Poor Liddle Thing

I don’t know how many friends Rod Liddle could count among the food sensitive community before he unveiled his latest opinion to Spectator readers, but I suspect that figure has declined considerably, if the response that appeared in my Twitter timeline is anything to go by.

He rounds up many – those with dyslexia, ADHD, ME, their parents – but it is his swipe at the free from community I’ll focus on. A response to his scepticism of the existence of food sensitivities is already taken care of – and I’m glad that blogger Becca Biscuit did so, and so well, as she eloquently explains the procedures, forward planning, struggles, pain and much more that those with allergies and intolerances can go through, in a way that someone who can eat anything (eg me) never possibly could.

Liddle’s claimed scepticism of food sensitivities stems from his observation that coeliac and suchlike weren’t around when he was a kid. I’m glad of this schoolboy error, because it demonstrates his breathtaking ignorance so perfectly. That rates of allergies and coeliac have increased, that testing protocols have improved, that we have such improved awareness of these conditions that people are more likely to be seek help … these are some of the reasons food rarely harmed when Liddle was just out of nappies but does now, and a bright twelve-year-old child with an interest in science could have guessed it to be so.

‘All in the Head’ is OK
I’m not especially interested in those who put food sensitivities down to neuroticism, hyperchondria, psychological quirks: it being ‘all in the head’. But I am fascinated that so many who do hold this opinion then use it against the sufferers, as a stick to beat them with.

I’ve said so before, mean to blog on it properly some day, but will say so again in the meantime: whether your food sensitivity is wholly physiological or wholly psychological or somewhere in between, it is still just as valid a problem. Physiological does not ‘trump’ psychological in any moral sense. A perceived problem with food is still a problem with food – even if it’s just a loss of confidence in food – and that deserves the same respect and treatment as any other problem with food.

I think people’s understanding of mental health and psychological issues is improving – and most wouldn’t dream of slamming someone with clinical depression, or taunting them with “It’s all in your head!” – but we’re still behind when it comes to food aversion and other psychologically mediated adverse responses to food.

For this attitude to change it requires everyone in the food sensitivity community to come ‘on board’. Presently – it’s not.

I think this partly because, when I have tentatively suggested to some self-diagnosed symptomatic food sensitives in the past that there could be a psychological dimension to what they’re experiencing, they’ve often become defensive, in a way that nobody has when I’ve put it to them that they may have, say, oral allergy syndrome or coeliac disease.

Why? I presume because physiological is somehow perceived as more valid, less shameful and ‘better’ than psychological. With physiological food sensitivity, your body has ‘failed’ you; with psychological food sensitivity – where you are somatising symptoms – in a sense, it is you who have ‘failed’ it. We don’t want that to be true, or for it to be our ‘fault’.
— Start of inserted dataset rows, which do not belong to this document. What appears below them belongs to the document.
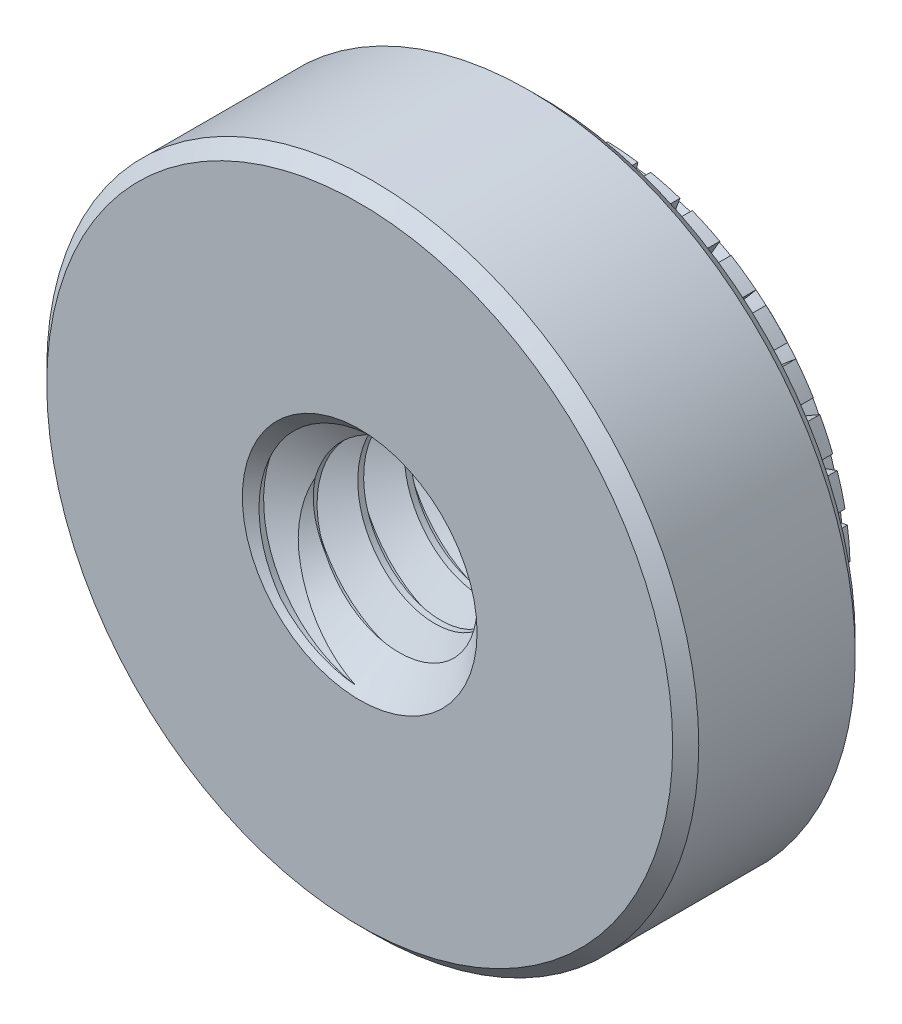
SolidWorks part; units mm, degrees
ref_plane "Front Plane" through (0, 0, 0) normal (0, 0, 1) x (1, 0, 0)
ref_plane "Top Plane" through (0, 0, 0) normal (0, 1, 0) x (1, 0, 0)
ref_plane "Right Plane" through (0, 0, 0) normal (1, 0, 0) x (0, 0, -1)
sketch "Sketch1" plane through (0, 0, 0) normal (0, 0, 1) x (1, 0, 0)
  circle A0 centre (0, 0) radius 3.175
  dimension "A" = 6.35
extrude "Extrude1" add sketch "Sketch1" against normal blind 1.778
sketch "Sketch15" plane through (0, 0, -1.778) normal (0, 0, -1) x (-1, 0, 0)
  circle A0 centre (0, 0) radius 2.1082
  dimension "hole dia" = 4.2164
sketch "Sketch2" plane through (0, 0, -1.778) normal (0, 0, -1) x (-1, 0, 0)
  circle A0 centre (0, 0) radius 2.4257
  dimension "D1" = 4.8514
extrude "Extrude2" add sketch "Sketch2" along normal blind 0.762
sketch "Sketch3" plane through (0, 0, -2.54) normal (0, 0, -1) x (-1, 0, 0)
  line L0 (0, 2.2352) -> (0, 3.175)
  circle A1 centre (0, 0) radius 3.175 construction
  circle A2 centre (0, 0) radius 2.2352
  circle A3 centre (0, 0) radius 2.2352 construction
  dimension "D1" = 0.1905
extrude "Cut-Extrude-Thin1" cut sketch "Sketch3" against normal up to surface (0.762 mm away) thin up to face at (3.175, 0, -1.778) thin type mid plane wall 0.127
pattern_circular "CirPattern1" count 36 over 360 about axis through (0, 0, -1.778) along (0, 0, 1) of "Cut-Extrude-Thin1"
sketch "Sketch5" plane through (0, 0, -2.54) normal (0, 0, -1) x (-1, 0, 0)
  circle A0 centre (0, 0) radius 3.175 construction
  circle A3 centre (0, 0) radius 2.159
  dimension "C" = 4.318
extrude "Cut-Extrude1" cut sketch "Sketch5" against normal blind 0.1905 draft 20 flip side to cut draft outward yes
chamfer "Chamfer2" distance 0.127 angle 45 2 edges at (3.175, 0, 0) (3.175, 0, -1.778)
sketch "Sketch7" plane through (0, 0, 0) normal (0, 0, 1) x (1, 0, 0)
  circle A0 centre (0, 0) radius 1.0922
  dimension "Thread Od" = 2.1844
extrude "Cut-Extrude3" cut sketch "Sketch7" against normal through all
sketch "Sketch8" plane through (0, 0, -2.54) normal (0, 0, -1) x (-1, 0, 0)
  circle A0 centre (0, 0) radius 1.0922 construction
  circle A1 centre (0, 0) radius 1.0922
curve "Helix/Spiral1" pitch 0.4536 height 5.715 radius 1.0922 centre (0, 0, -2.54) axis (0, 0, 1) start towards (0, 1, 0) parameters "pitch"=0.4536
sketch "Sketch9" plane through (0, 0, 0) normal (1, 0, 0) x (0, 0, -1)
  line L0 (2.9369, 1.0922) -> (2.7668, 0.7976)
  line L1 (2.7668, 0.7976) -> (2.7101, 0.7976)
  line L2 (2.7101, 0.7976) -> (2.54, 1.0922)
  line L3 (2.9369, 1.0922) -> (2.54, 1.0922)
  line L4 (2.7384, 1.0922) -> (2.7384, 0.7976) construction
  line L5 (2.8518, 0.9449) -> (2.625, 0.9449) construction
  line L6 (2.54, -1.0922) -> (2.54, 1.0922) construction
  dimension "D1" = 60
  dimension "D2" = 0.0567
  dimension "D3" = 0.2268
sweep "Sweep1" add profiles "Sketch9" path "Helix/Spiral1"
sketch "Sketch10" plane through (0, 0, 0) normal (0, 0, 1) x (1, 0, 0)
  circle A0 centre (0, 0) radius 3.175 construction
  circle A1 centre (0, 0) radius 3.175
extrude "Cut-Extrude4" cut sketch "Sketch10" along normal through all
sketch "Sketch11" plane through (0, 0, -2.54) normal (0, 0, -1) x (-1, 0, 0)
  circle A1 centre (0, 0) radius 2.159 construction
  circle A2 centre (0, 0) radius 2.159
extrude "Cut-Extrude5" cut sketch "Sketch11" along normal through all
sketch "Sketch13" plane through (0, 0, 0) normal (0, 0, 1) x (1, 0, 0)
  circle A2 centre (0, 0) radius 1.143
  circle A3 centre (0, 0) radius 1.143
  dimension "D1" = 0.0508
extrude "Cut-Extrude6" cut sketch "Sketch13" against normal through all draft 45
sketch "Sketch14" plane through (0, 0, -2.54) normal (0, 0, -1) x (-1, 0, 0)
  circle A2 centre (0, 0) radius 1.143
  circle A3 centre (0, 0) radius 1.143
  dimension "D1" = 0.0508
extrude "Cut-Extrude7" cut sketch "Sketch14" against normal through all draft 45
equation "\"D3@Helix/Spiral1\" = \"B@Extrude1\"+\"panel min.@Extrude2\"+.125"
equation "\"D2@Sketch9\" = \"pitch@Helix/Spiral1\"*.125"
equation "\"D3@Sketch9\" = \"pitch@Helix/Spiral1\"*.50"
equation "\"D1@Sketch2\" = \"hole dia@Sketch15\"+.025"
equation "\"D1@Cut-Extrude1\" = \"panel min.@Extrude2\"*.25"

My point: it’s okay if you’re ‘imagining’ it. You’re no less important; you’re equally deserving of investigation, treatment, help with management – and indeed respect. But you have to – everyone has to – believe that too. Rejecting the possibility or getting upset merely belies how much you want it to be physical, how much you don’t want to have a foot or even a toe in the ‘psychological’ camp.

Self-diagnosis (whether accurate or not) and psychological responses to food are wholly understandable and perhaps inevitable in a world of increased awareness of food sensitivity, obsession with diet and weight loss, and nutritional information (and misinformation) overload. In a sense it’s the price we pay for where we are in terms of treatment, diagnosis, potential future cures and so on.

But distancing yourself from this emotional element of food sensitivity gives power to Liddle and the Mail and the other finger-pointers who target the free from community when the whim takes them.

Because, like bullies, they often pick out the weakest. And those who don’t have a clear answer to their health problems are the ‘weakest’, here. Without an orthodox biopsy-proven diagnosis of coeliac, without an Epipen as evidence of their life-threatening allergy, but still unwell, and still struggling to understand why they’re unwell, they’re told that they’re fantasising and made to feel deluded, and by the rest of us, often subtly, that we are not them, cannot possibly be them, and that we don’t want to be like them – thus keeping them in their position of weakness.

It’s time to stop this. Stopping it would help disarm the attackers. It will help render articles such as Liddle’s senseless and pointless – and, hopefully, prevent them being written or published in the first place.